**TASK PROMPT**
Please take the lines from the one holding "- added R11, R12: (no" through the one holding "I2C, IC1A, IC1B" in the data below and copy them exactly.

**INPUT FOR THIS TASK**
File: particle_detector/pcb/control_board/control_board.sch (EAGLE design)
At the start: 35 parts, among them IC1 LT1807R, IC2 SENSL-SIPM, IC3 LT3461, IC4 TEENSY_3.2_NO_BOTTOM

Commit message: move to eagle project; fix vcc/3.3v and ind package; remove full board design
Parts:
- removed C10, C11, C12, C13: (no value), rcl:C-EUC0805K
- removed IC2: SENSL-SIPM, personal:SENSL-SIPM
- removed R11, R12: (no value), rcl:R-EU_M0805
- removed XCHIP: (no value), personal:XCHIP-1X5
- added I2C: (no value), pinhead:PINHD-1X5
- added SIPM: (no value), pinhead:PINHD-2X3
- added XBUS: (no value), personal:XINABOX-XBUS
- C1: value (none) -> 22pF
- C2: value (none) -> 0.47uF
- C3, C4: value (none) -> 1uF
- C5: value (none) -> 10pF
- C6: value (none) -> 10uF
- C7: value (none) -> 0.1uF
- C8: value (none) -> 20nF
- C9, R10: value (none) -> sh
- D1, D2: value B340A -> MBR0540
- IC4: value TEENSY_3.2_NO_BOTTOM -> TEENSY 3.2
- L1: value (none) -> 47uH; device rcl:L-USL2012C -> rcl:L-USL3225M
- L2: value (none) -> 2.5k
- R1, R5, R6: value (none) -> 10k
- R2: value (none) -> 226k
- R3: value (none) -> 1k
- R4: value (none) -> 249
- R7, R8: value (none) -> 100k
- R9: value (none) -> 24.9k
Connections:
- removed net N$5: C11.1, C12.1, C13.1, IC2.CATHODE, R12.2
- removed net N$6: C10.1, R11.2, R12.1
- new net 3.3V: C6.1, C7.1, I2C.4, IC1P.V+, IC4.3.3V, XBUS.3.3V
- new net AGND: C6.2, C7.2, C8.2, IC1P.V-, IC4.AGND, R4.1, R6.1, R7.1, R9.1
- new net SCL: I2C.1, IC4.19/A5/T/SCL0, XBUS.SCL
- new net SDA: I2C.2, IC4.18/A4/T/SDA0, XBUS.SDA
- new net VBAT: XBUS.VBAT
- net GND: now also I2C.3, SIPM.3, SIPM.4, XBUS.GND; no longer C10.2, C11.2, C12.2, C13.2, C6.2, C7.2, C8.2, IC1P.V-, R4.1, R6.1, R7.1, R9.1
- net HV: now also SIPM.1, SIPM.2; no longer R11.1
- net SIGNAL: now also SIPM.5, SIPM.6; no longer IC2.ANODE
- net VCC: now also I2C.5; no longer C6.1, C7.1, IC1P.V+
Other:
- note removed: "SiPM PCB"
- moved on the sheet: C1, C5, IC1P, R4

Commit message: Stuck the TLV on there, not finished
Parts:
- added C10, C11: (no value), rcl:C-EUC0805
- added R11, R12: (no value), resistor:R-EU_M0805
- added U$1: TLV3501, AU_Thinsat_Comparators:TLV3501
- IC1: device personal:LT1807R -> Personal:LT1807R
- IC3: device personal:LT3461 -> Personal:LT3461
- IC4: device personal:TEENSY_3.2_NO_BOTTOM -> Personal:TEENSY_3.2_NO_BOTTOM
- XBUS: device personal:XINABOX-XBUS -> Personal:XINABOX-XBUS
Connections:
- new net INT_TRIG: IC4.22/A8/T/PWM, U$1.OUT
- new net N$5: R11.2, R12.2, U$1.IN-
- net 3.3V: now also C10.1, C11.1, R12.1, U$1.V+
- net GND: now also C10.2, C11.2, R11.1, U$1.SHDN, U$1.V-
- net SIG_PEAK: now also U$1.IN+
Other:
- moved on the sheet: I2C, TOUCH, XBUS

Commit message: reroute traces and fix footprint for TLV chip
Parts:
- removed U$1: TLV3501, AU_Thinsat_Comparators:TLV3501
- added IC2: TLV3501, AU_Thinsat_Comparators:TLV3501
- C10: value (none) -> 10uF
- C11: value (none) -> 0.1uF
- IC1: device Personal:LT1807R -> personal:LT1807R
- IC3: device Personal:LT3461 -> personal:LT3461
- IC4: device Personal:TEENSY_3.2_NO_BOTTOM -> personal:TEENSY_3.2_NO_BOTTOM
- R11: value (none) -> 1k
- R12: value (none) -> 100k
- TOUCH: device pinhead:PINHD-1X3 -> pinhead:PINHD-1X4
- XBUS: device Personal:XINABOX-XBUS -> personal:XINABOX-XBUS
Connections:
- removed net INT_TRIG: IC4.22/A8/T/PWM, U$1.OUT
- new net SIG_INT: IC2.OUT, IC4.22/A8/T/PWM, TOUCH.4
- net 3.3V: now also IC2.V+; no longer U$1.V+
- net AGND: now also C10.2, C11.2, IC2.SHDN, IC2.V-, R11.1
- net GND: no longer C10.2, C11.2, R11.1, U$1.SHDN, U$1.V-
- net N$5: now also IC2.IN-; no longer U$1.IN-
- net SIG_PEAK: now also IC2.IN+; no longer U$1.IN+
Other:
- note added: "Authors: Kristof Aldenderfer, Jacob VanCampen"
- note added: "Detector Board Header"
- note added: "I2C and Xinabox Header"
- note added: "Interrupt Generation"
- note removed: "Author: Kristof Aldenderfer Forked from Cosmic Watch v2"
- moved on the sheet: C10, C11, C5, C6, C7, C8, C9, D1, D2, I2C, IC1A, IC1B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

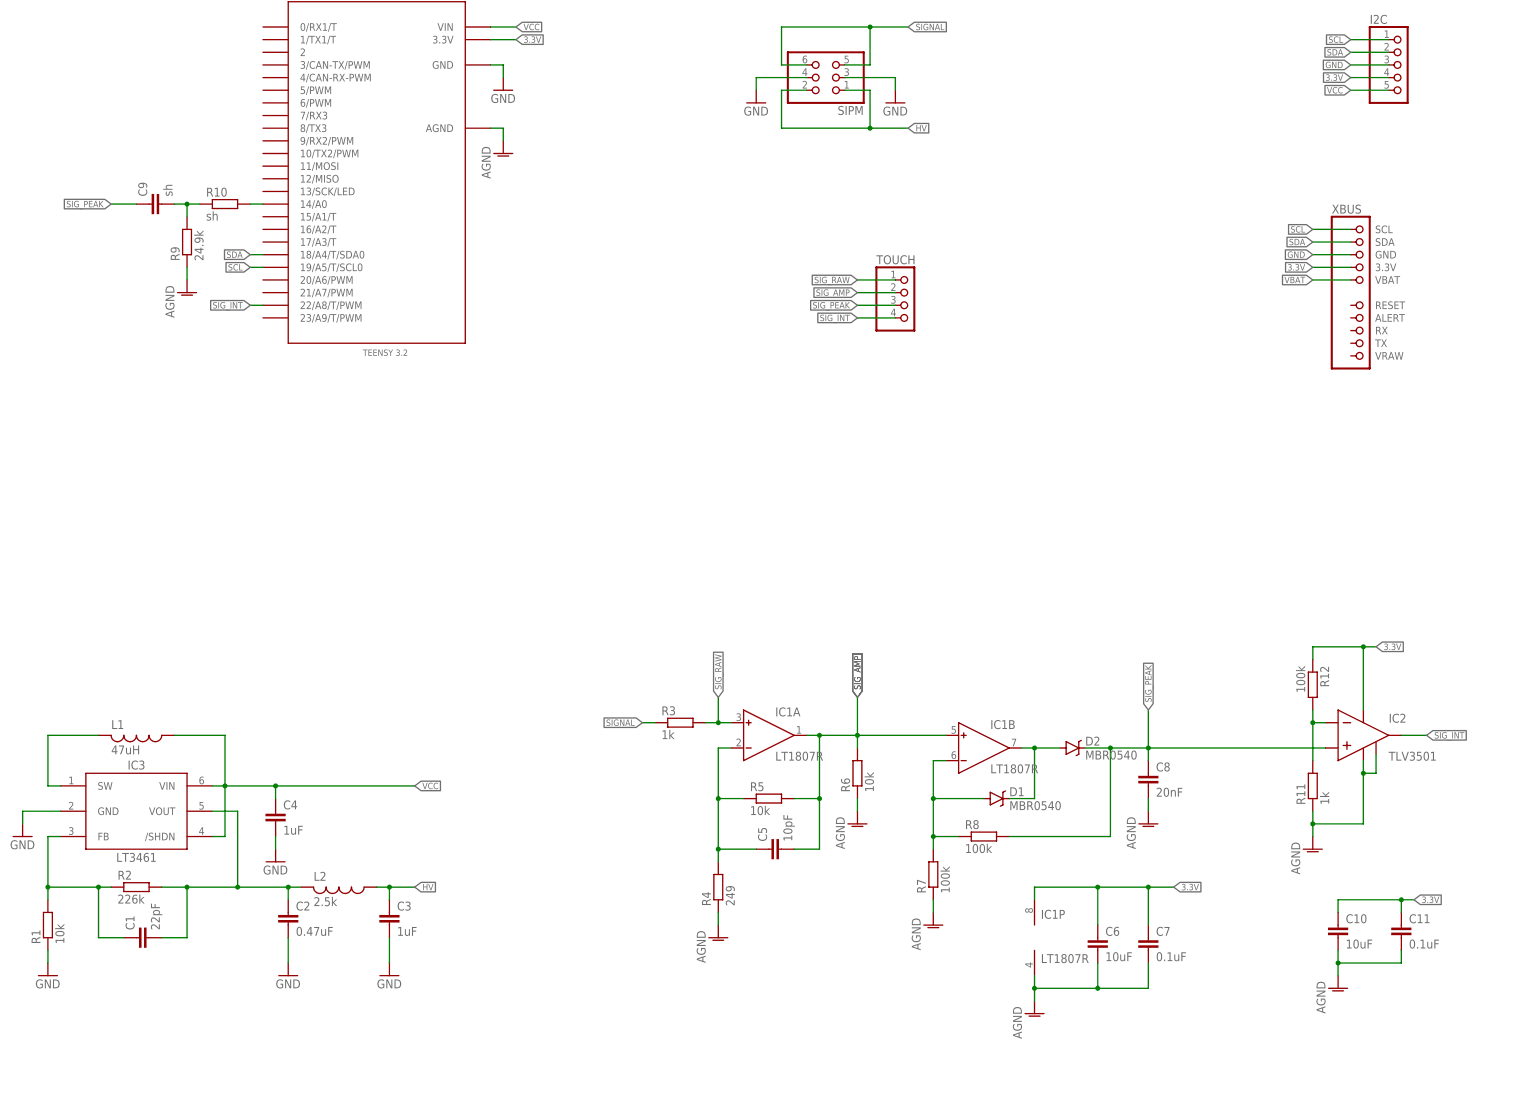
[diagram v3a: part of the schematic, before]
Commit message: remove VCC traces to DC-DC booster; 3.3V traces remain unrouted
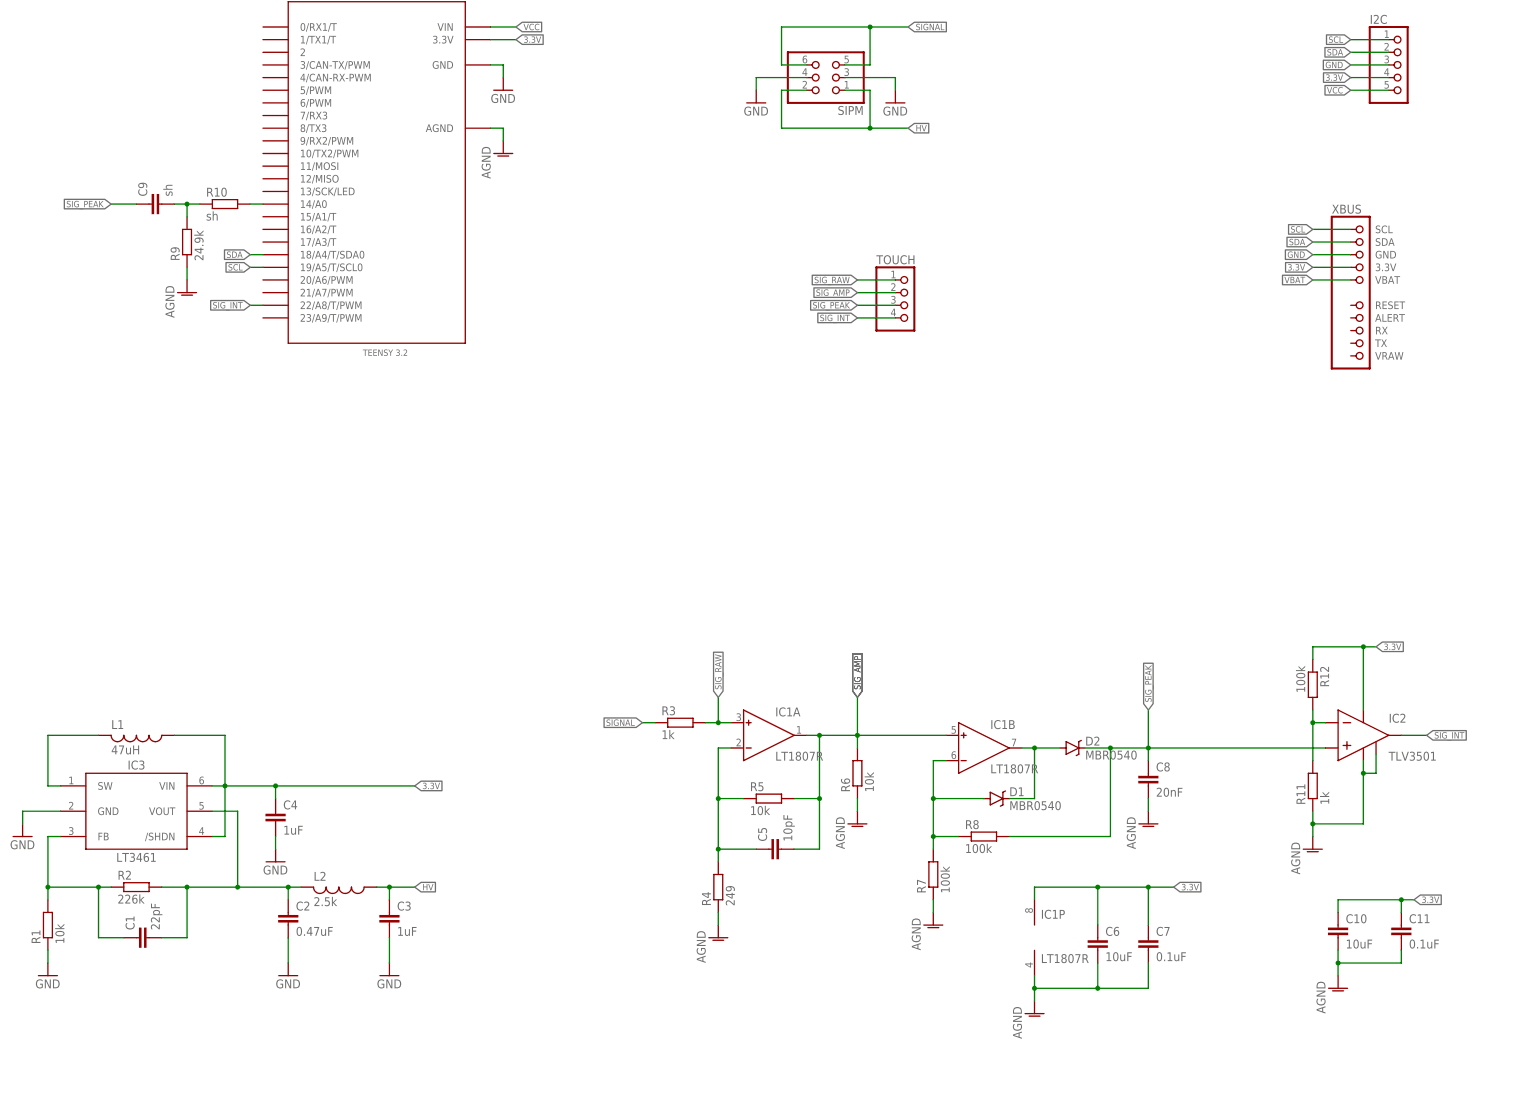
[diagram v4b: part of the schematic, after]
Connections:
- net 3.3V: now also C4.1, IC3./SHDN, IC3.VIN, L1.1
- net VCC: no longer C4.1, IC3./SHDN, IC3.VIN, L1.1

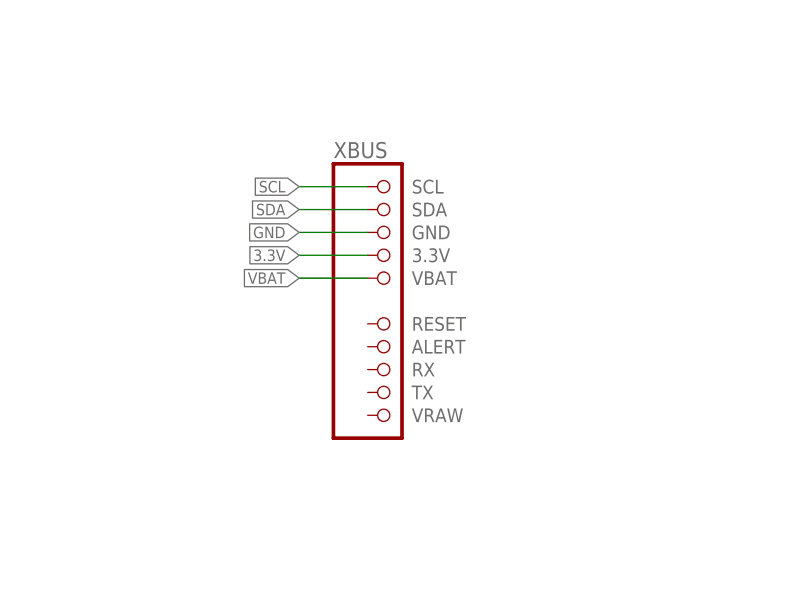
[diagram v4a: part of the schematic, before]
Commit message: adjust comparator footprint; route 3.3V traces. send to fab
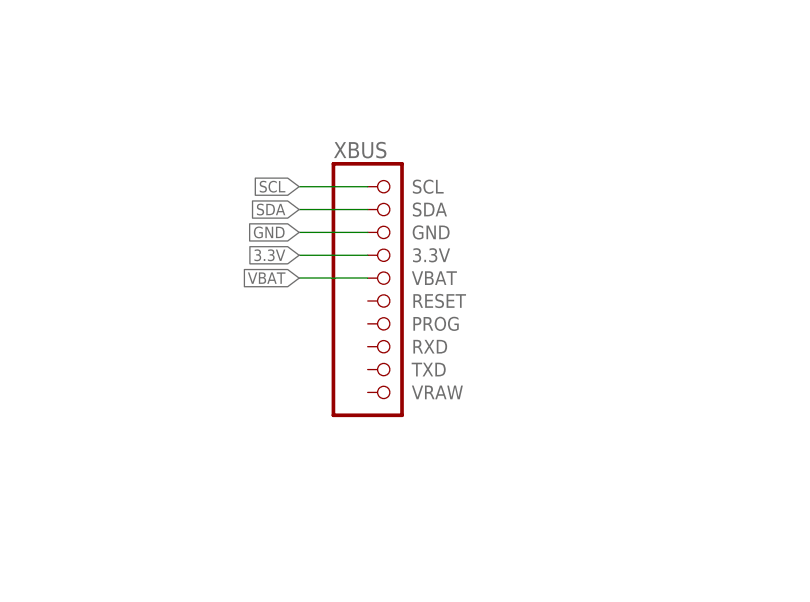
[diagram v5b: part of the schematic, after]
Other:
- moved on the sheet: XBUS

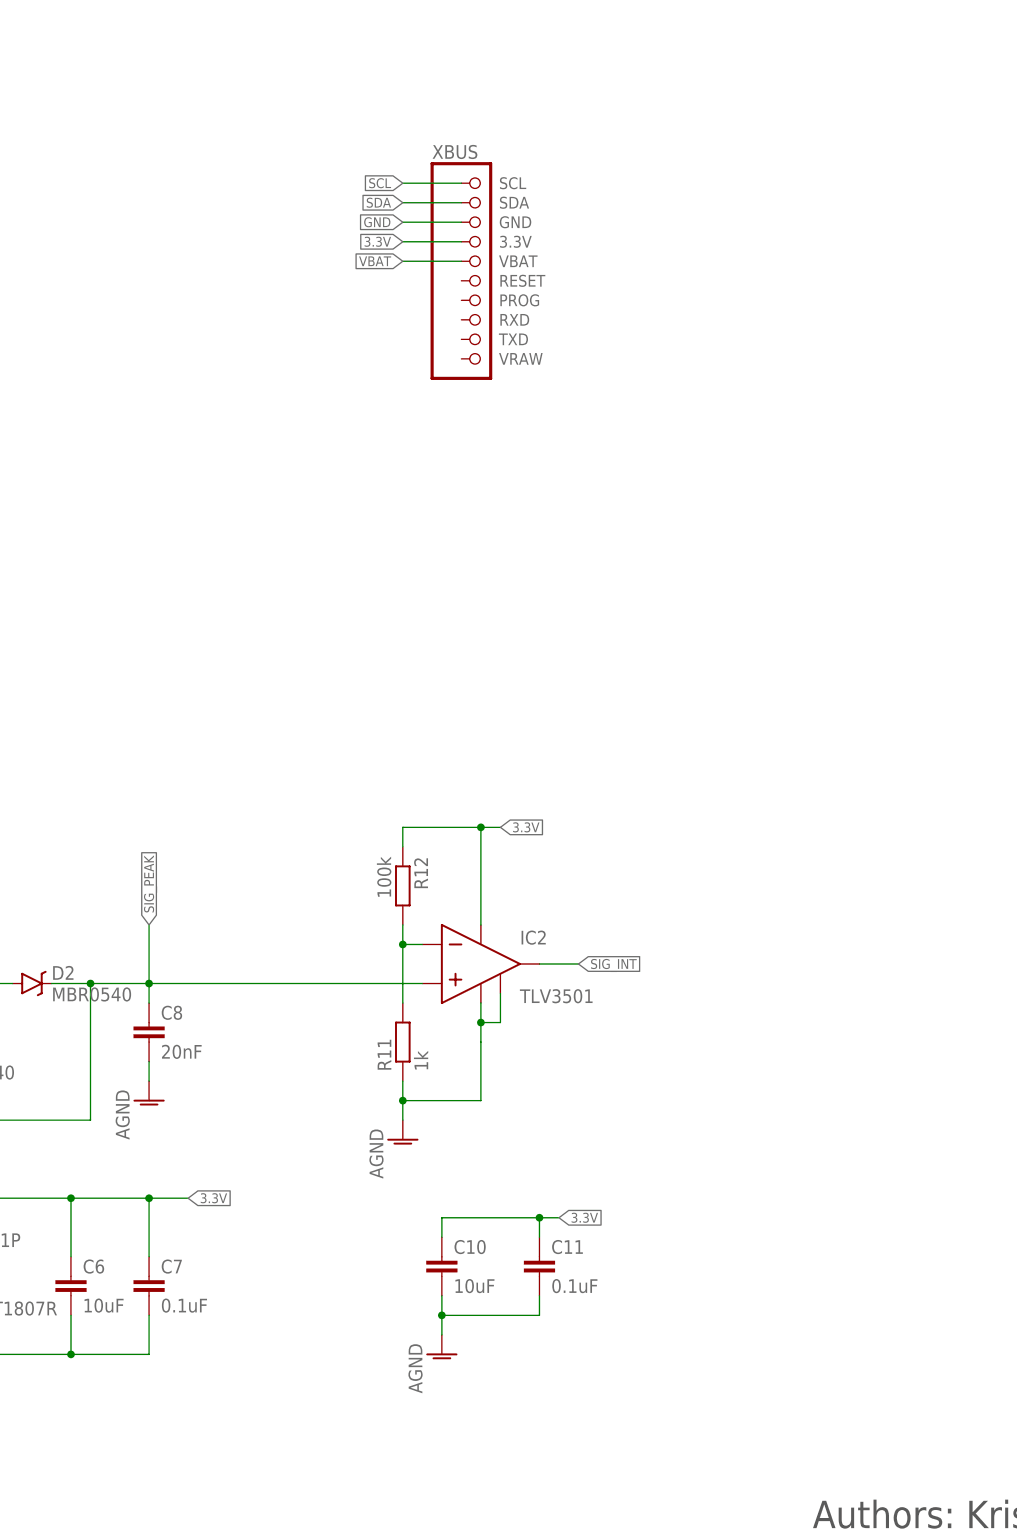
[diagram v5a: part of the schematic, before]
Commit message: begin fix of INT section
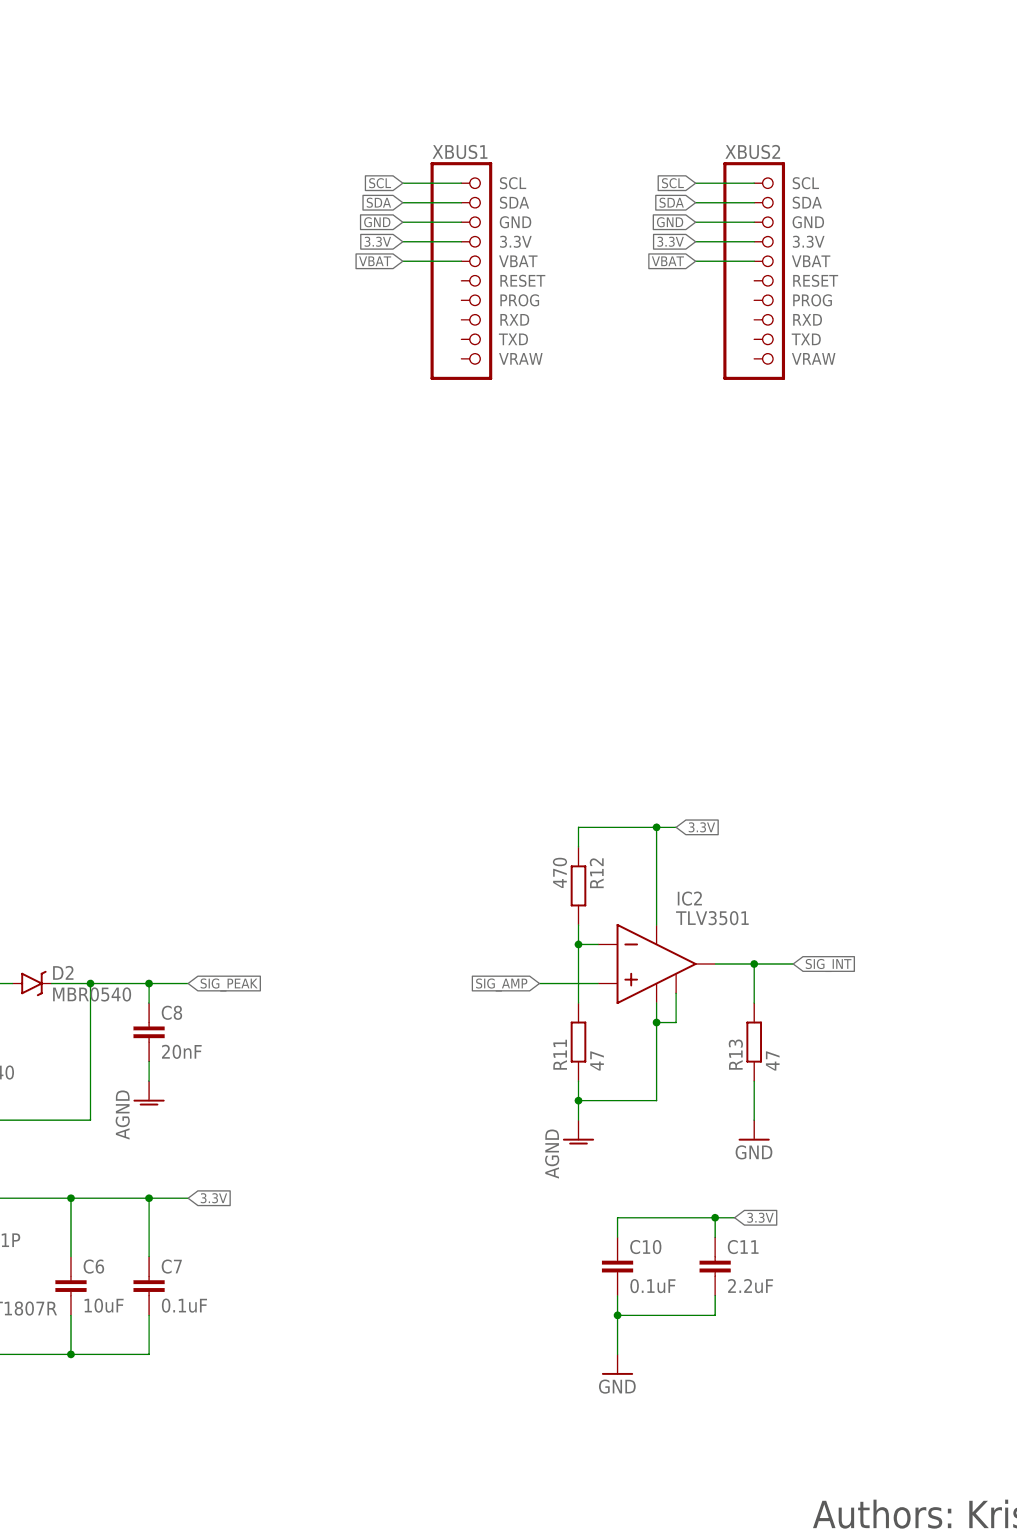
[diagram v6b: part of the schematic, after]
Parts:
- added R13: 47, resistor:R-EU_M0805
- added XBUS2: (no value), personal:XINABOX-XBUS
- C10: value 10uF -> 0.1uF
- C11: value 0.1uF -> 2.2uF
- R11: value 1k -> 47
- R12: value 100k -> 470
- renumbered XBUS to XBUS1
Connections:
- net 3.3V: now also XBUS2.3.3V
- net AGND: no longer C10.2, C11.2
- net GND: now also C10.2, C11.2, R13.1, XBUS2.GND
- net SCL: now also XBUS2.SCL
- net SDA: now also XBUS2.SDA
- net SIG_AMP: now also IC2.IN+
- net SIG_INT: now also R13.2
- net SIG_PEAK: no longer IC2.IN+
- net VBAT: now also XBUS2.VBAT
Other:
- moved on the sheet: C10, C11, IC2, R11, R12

**YOUR RESPONSE**
- added R11, R12: (no value), resistor:R-EU_M0805
- added U$1: TLV3501, AU_Thinsat_Comparators:TLV3501
- IC1: device personal:LT1807R -> Personal:LT1807R
- IC3: device personal:LT3461 -> Personal:LT3461
- IC4: device personal:TEENSY_3.2_NO_BOTTOM -> Personal:TEENSY_3.2_NO_BOTTOM
- XBUS: device personal:XINABOX-XBUS -> Personal:XINABOX-XBUS
Connections:
- new net INT_TRIG: IC4.22/A8/T/PWM, U$1.OUT
- new net N$5: R11.2, R12.2, U$1.IN-
- net 3.3V: now also C10.1, C11.1, R12.1, U$1.V+
- net GND: now also C10.2, C11.2, R11.1, U$1.SHDN, U$1.V-
- net SIG_PEAK: now also U$1.IN+
Other:
- moved on the sheet: I2C, TOUCH, XBUS

Commit message: reroute traces and fix footprint for TLV chip
Parts:
- removed U$1: TLV3501, AU_Thinsat_Comparators:TLV3501
- added IC2: TLV3501, AU_Thinsat_Comparators:TLV3501
- C10: value (none) -> 10uF
- C11: value (none) -> 0.1uF
- IC1: device Personal:LT1807R -> personal:LT1807R
- IC3: device Personal:LT3461 -> personal:LT3461
- IC4: device Personal:TEENSY_3.2_NO_BOTTOM -> personal:TEENSY_3.2_NO_BOTTOM
- R11: value (none) -> 1k
- R12: value (none) -> 100k
- TOUCH: device pinhead:PINHD-1X3 -> pinhead:PINHD-1X4
- XBUS: device Personal:XINABOX-XBUS -> personal:XINABOX-XBUS
Connections:
- removed net INT_TRIG: IC4.22/A8/T/PWM, U$1.OUT
- new net SIG_INT: IC2.OUT, IC4.22/A8/T/PWM, TOUCH.4
- net 3.3V: now also IC2.V+; no longer U$1.V+
- net AGND: now also C10.2, C11.2, IC2.SHDN, IC2.V-, R11.1
- net GND: no longer C10.2, C11.2, R11.1, U$1.SHDN, U$1.V-
- net N$5: now also IC2.IN-; no longer U$1.IN-
- net SIG_PEAK: now also IC2.IN+; no longer U$1.IN+
Other:
- note added: "Authors: Kristof Aldenderfer, Jacob VanCampen"
- note added: "Detector Board Header"
- note added: "I2C and Xinabox Header"
- note added: "Interrupt Generation"
- note removed: "Author: Kristof Aldenderfer Forked from Cosmic Watch v2"
- moved on the sheet: C10, C11, C5, C6, C7, C8, C9, D1, D2, I2C, IC1A, IC1B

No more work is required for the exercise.